_Exercise objective:_
Output the entries as they appear, skipping images.

_Data supplied:_
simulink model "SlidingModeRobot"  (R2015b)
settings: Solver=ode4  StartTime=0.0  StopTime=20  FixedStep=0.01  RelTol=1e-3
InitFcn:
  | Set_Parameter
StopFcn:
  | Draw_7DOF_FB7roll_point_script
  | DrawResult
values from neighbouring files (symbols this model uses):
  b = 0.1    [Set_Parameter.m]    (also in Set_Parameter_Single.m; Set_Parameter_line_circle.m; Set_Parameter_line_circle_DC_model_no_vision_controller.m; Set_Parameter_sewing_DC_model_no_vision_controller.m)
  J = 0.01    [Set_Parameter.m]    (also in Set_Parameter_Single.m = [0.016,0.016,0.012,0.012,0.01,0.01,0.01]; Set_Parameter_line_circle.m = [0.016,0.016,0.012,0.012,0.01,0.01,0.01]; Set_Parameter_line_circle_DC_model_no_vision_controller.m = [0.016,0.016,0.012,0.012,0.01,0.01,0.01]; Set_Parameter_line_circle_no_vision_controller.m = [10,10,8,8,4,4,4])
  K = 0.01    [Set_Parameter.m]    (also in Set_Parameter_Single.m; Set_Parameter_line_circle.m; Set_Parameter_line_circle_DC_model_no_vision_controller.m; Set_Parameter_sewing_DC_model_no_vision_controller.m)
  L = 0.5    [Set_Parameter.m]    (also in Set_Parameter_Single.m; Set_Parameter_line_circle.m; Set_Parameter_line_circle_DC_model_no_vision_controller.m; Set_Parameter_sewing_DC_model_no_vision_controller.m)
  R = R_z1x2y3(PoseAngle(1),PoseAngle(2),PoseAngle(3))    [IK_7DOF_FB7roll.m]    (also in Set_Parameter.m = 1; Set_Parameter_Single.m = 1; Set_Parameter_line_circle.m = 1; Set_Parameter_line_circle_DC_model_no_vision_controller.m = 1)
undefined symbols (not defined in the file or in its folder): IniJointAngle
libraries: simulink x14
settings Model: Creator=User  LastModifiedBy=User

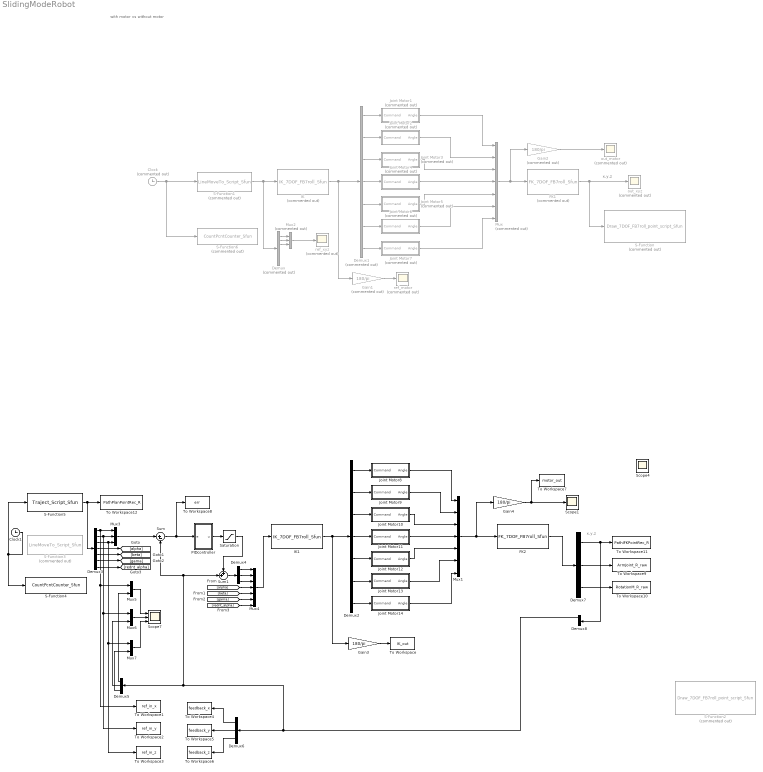
== system SlidingModeRobot ==
  note: with motor vs without motor
  note: x,y,z
  note: x,y,z
  Clock : Clock  Commented=on
  Clock1 : Clock
  Demux : Demux  Commented=on  Outputs=7
  Demux1 : Demux  Commented=on  Outputs=7
  Demux2 : Demux  Outputs=7
  Demux3 : Demux  Outputs=7
  Demux4 : Demux  Outputs=3
  Demux5 : Demux  Outputs=3
  Demux6 : Demux  Outputs=3
  Demux7 : Demux  Outputs=[7,30,9]
  Demux8 : Demux  Outputs=[3,4]
  FK1 : S-Function  Commented=on  FunctionName=FK_7DOF_FB7roll_Sfun  SFunctionDeploymentMode=off  EnableBusSupport=off
  FK2 : S-Function  FunctionName=FK_7DOF_FB7roll_Sfun  SFunctionDeploymentMode=off  EnableBusSupport=off
  Gain1 : Gain  Commented=on  Gain=180/pi
  Gain2 : Gain  Commented=on  Gain=180/pi
  Gain3 : Gain  Gain=180/pi
  Gain4 : Gain  Gain=180/pi
  IK : S-Function  Commented=on  FunctionName=IK_7DOF_FB7roll_Sfun  SFunctionDeploymentMode=off  EnableBusSupport=off
  IK1 : S-Function  FunctionName=IK_7DOF_FB7roll_Sfun  SFunctionDeploymentMode=off  EnableBusSupport=off
  Joint Motor1 : Subsystem  Commented=on
  Joint Motor10 : Subsystem
  Joint Motor11 : Subsystem
  Joint Motor12 : Subsystem
  Joint Motor13 : Subsystem
  Joint Motor14 : Subsystem
  Joint Motor2 : Subsystem  Commented=on
  Joint Motor3 : Subsystem  Commented=on
  Joint Motor4 : Subsystem  Commented=on
  Joint Motor5 : Subsystem  Commented=on
  Joint Motor6 : Subsystem  Commented=on
  Joint Motor7 : Subsystem  Commented=on
  Joint Motor8 : Subsystem
  Joint Motor9 : Subsystem
  Mux : Mux  Commented=on  Inputs=7
  Mux1 : Mux  Inputs=7
  Mux2 : Mux  Commented=on  Inputs=3
  Mux3 : Mux  Inputs=3
  Mux4 : Mux  Inputs=7
  Mux5 : Mux  Inputs=2
  Mux6 : Mux  Inputs=2
  Mux7 : Mux  Inputs=2
  PIDcontroller : Subsystem
  S-Function : S-Function  Commented=on  FunctionName=Draw_7DOF_FB7roll_point_script_Sfun  SFunctionDeploymentMode=off  EnableBusSupport=off
  S-Function1 : S-Function  Commented=on  FunctionName=LineMoveTo_Script_Sfun  SFunctionDeploymentMode=off  EnableBusSupport=off
  S-Function2 : S-Function  Commented=on  FunctionName=Draw_7DOF_FB7roll_point_script_Sfun  SFunctionDeploymentMode=off  EnableBusSupport=off
  S-Function3 : S-Function  Commented=on  FunctionName=LineMoveTo_Script_Sfun  SFunctionDeploymentMode=off  EnableBusSupport=off
  S-Function4 : S-Function  FunctionName=CountPcntCounter_Sfun  SFunctionDeploymentMode=off  EnableBusSupport=off
  S-Function5 : S-Function  FunctionName=Traject_Script_Sfun  SFunctionDeploymentMode=off  EnableBusSupport=off
  S-Function6 : S-Function  Commented=on  FunctionName=CountPcntCounter_Sfun  SFunctionDeploymentMode=off  EnableBusSupport=off
  Saturation : Saturate  UpperLimit=50  LowerLimit=-50
  Scope1 : Scope
  Scope4 : Scope
  Scope7 : Scope  NumInputPorts=3
  Sum : Sum  Inputs=|+-
  Sum1 : Sum  Inputs=++|
  To Workspace : ToWorkspace  VariableName=IK_out  SaveFormat=Timeseries  SampleTime=-1
  To Workspace1 : ToWorkspace  VariableName=ref_in_x  SaveFormat=Timeseries  SampleTime=-1
  To Workspace10 : ToWorkspace  VariableName=RotationM_R_raw  SaveFormat=Timeseries  SampleTime=-1
  To Workspace11 : ToWorkspace  VariableName=PathIFKPointRec_R  SaveFormat=Timeseries  SampleTime=-1
  To Workspace12 : ToWorkspace  VariableName=PathPlanPointRec_R  SaveFormat=Timeseries  SampleTime=-1
  To Workspace2 : ToWorkspace  VariableName=ref_in_y  SaveFormat=Timeseries  SampleTime=-1
  To Workspace3 : ToWorkspace  VariableName=ref_in_z  SaveFormat=Timeseries  SampleTime=-1
  To Workspace4 : ToWorkspace  VariableName=feedback_x  SaveFormat=Timeseries  SampleTime=-1
  To Workspace5 : ToWorkspace  VariableName=feedback_y  SaveFormat=Timeseries  SampleTime=-1
  To Workspace6 : ToWorkspace  VariableName=feedback_z  SaveFormat=Timeseries  SampleTime=-1
  To Workspace7 : ToWorkspace  VariableName=motor_out  SaveFormat=Timeseries  SampleTime=-1
  To Workspace8 : ToWorkspace  VariableName=err  SaveFormat=Timeseries  SampleTime=-1
  To Workspace9 : ToWorkspace  VariableName=ArmJoint_R_raw  SaveFormat=Timeseries  SampleTime=-1
  out_motor : Scope  Commented=on
  out_xyz : Scope  Commented=on
  ref_motor : Scope  Commented=on
  ref_xyz : Scope  Commented=on
  wires:
  Joint Motor3/1(Angle) -> Mux/3
  Joint Motor1/1(Angle) -> Mux/1
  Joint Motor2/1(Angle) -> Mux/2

_Exercise response:_
simulink model "SlidingModeRobot"  (R2015b)
settings: Solver=ode4  StartTime=0.0  StopTime=20  FixedStep=0.01  RelTol=1e-3
InitFcn:
  | Set_Parameter
StopFcn:
  | Draw_7DOF_FB7roll_point_script
  | DrawResult
values from neighbouring files (symbols this model uses):
  b = 0.1    [Set_Parameter.m]    (also in Set_Parameter_Single.m; Set_Parameter_line_circle.m; Set_Parameter_line_circle_DC_model_no_vision_controller.m; Set_Parameter_sewing_DC_model_no_vision_controller.m)
  J = 0.01    [Set_Parameter.m]    (also in Set_Parameter_Single.m = [0.016,0.016,0.012,0.012,0.01,0.01,0.01]; Set_Parameter_line_circle.m = [0.016,0.016,0.012,0.012,0.01,0.01,0.01]; Set_Parameter_line_circle_DC_model_no_vision_controller.m = [0.016,0.016,0.012,0.012,0.01,0.01,0.01]; Set_Parameter_line_circle_no_vision_controller.m = [10,10,8,8,4,4,4])
  K = 0.01    [Set_Parameter.m]    (also in Set_Parameter_Single.m; Set_Parameter_line_circle.m; Set_Parameter_line_circle_DC_model_no_vision_controller.m; Set_Parameter_sewing_DC_model_no_vision_controller.m)
  L = 0.5    [Set_Parameter.m]    (also in Set_Parameter_Single.m; Set_Parameter_line_circle.m; Set_Parameter_line_circle_DC_model_no_vision_controller.m; Set_Parameter_sewing_DC_model_no_vision_controller.m)
  R = R_z1x2y3(PoseAngle(1),PoseAngle(2),PoseAngle(3))    [IK_7DOF_FB7roll.m]    (also in Set_Parameter.m = 1; Set_Parameter_Single.m = 1; Set_Parameter_line_circle.m = 1; Set_Parameter_line_circle_DC_model_no_vision_controller.m = 1)
undefined symbols (not defined in the file or in its folder): IniJointAngle
libraries: simulink x14
settings Model: Creator=User  LastModifiedBy=User

== system SlidingModeRobot ==
  note: with motor vs without motor
  note: x,y,z
  note: x,y,z
  Clock : Clock  Commented=on
  Clock1 : Clock
  Demux : Demux  Commented=on  Outputs=7
  Demux1 : Demux  Commented=on  Outputs=7
  Demux2 : Demux  Outputs=7
  Demux3 : Demux  Outputs=7
  Demux4 : Demux  Outputs=3
  Demux5 : Demux  Outputs=3
  Demux6 : Demux  Outputs=3
  Demux7 : Demux  Outputs=[7,30,9]
  Demux8 : Demux  Outputs=[3,4]
  FK1 : S-Function  Commented=on  FunctionName=FK_7DOF_FB7roll_Sfun  SFunctionDeploymentMode=off  EnableBusSupport=off
  FK2 : S-Function  FunctionName=FK_7DOF_FB7roll_Sfun  SFunctionDeploymentMode=off  EnableBusSupport=off
  Gain1 : Gain  Commented=on  Gain=180/pi
  Gain2 : Gain  Commented=on  Gain=180/pi
  Gain3 : Gain  Gain=180/pi
  Gain4 : Gain  Gain=180/pi
  IK : S-Function  Commented=on  FunctionName=IK_7DOF_FB7roll_Sfun  SFunctionDeploymentMode=off  EnableBusSupport=off
  IK1 : S-Function  FunctionName=IK_7DOF_FB7roll_Sfun  SFunctionDeploymentMode=off  EnableBusSupport=off
  Joint Motor1 : Subsystem  Commented=on
  Joint Motor10 : Subsystem
  Joint Motor11 : Subsystem
  Joint Motor12 : Subsystem
  Joint Motor13 : Subsystem
  Joint Motor14 : Subsystem
  Joint Motor2 : Subsystem  Commented=on
  Joint Motor3 : Subsystem  Commented=on
  Joint Motor4 : Subsystem  Commented=on
  Joint Motor5 : Subsystem  Commented=on
  Joint Motor6 : Subsystem  Commented=on
  Joint Motor7 : Subsystem  Commented=on
  Joint Motor8 : Subsystem
  Joint Motor9 : Subsystem
  Mux : Mux  Commented=on  Inputs=7
  Mux1 : Mux  Inputs=7
  Mux2 : Mux  Commented=on  Inputs=3
  Mux3 : Mux  Inputs=3
  Mux4 : Mux  Inputs=7
  Mux5 : Mux  Inputs=2
  Mux6 : Mux  Inputs=2
  Mux7 : Mux  Inputs=2
  PIDcontroller : Subsystem
  S-Function : S-Function  Commented=on  FunctionName=Draw_7DOF_FB7roll_point_script_Sfun  SFunctionDeploymentMode=off  EnableBusSupport=off
  S-Function1 : S-Function  Commented=on  FunctionName=LineMoveTo_Script_Sfun  SFunctionDeploymentMode=off  EnableBusSupport=off
  S-Function2 : S-Function  Commented=on  FunctionName=Draw_7DOF_FB7roll_point_script_Sfun  SFunctionDeploymentMode=off  EnableBusSupport=off
  S-Function3 : S-Function  Commented=on  FunctionName=LineMoveTo_Script_Sfun  SFunctionDeploymentMode=off  EnableBusSupport=off
  S-Function4 : S-Function  FunctionName=CountPcntCounter_Sfun  SFunctionDeploymentMode=off  EnableBusSupport=off
  S-Function5 : S-Function  FunctionName=Traject_Script_Sfun  SFunctionDeploymentMode=off  EnableBusSupport=off
  S-Function6 : S-Function  Commented=on  FunctionName=CountPcntCounter_Sfun  SFunctionDeploymentMode=off  EnableBusSupport=off
  Saturation : Saturate  UpperLimit=50  LowerLimit=-50
  Scope1 : Scope
  Scope4 : Scope
  Scope7 : Scope  NumInputPorts=3
  Sum : Sum  Inputs=|+-
  Sum1 : Sum  Inputs=++|
  To Workspace : ToWorkspace  VariableName=IK_out  SaveFormat=Timeseries  SampleTime=-1
  To Workspace1 : ToWorkspace  VariableName=ref_in_x  SaveFormat=Timeseries  SampleTime=-1
  To Workspace10 : ToWorkspace  VariableName=RotationM_R_raw  SaveFormat=Timeseries  SampleTime=-1
  To Workspace11 : ToWorkspace  VariableName=PathIFKPointRec_R  SaveFormat=Timeseries  SampleTime=-1
  To Workspace12 : ToWorkspace  VariableName=PathPlanPointRec_R  SaveFormat=Timeseries  SampleTime=-1
  To Workspace2 : ToWorkspace  VariableName=ref_in_y  SaveFormat=Timeseries  SampleTime=-1
  To Workspace3 : ToWorkspace  VariableName=ref_in_z  SaveFormat=Timeseries  SampleTime=-1
  To Workspace4 : ToWorkspace  VariableName=feedback_x  SaveFormat=Timeseries  SampleTime=-1
  To Workspace5 : ToWorkspace  VariableName=feedback_y  SaveFormat=Timeseries  SampleTime=-1
  To Workspace6 : ToWorkspace  VariableName=feedback_z  SaveFormat=Timeseries  SampleTime=-1
  To Workspace7 : ToWorkspace  VariableName=motor_out  SaveFormat=Timeseries  SampleTime=-1
  To Workspace8 : ToWorkspace  VariableName=err  SaveFormat=Timeseries  SampleTime=-1
  To Workspace9 : ToWorkspace  VariableName=ArmJoint_R_raw  SaveFormat=Timeseries  SampleTime=-1
  out_motor : Scope  Commented=on
  out_xyz : Scope  Commented=on
  ref_motor : Scope  Commented=on
  ref_xyz : Scope  Commented=on
  wires:
  Joint Motor3/1(Angle) -> Mux/3
  Joint Motor1/1(Angle) -> Mux/1
  Joint Motor2/1(Angle) -> Mux/2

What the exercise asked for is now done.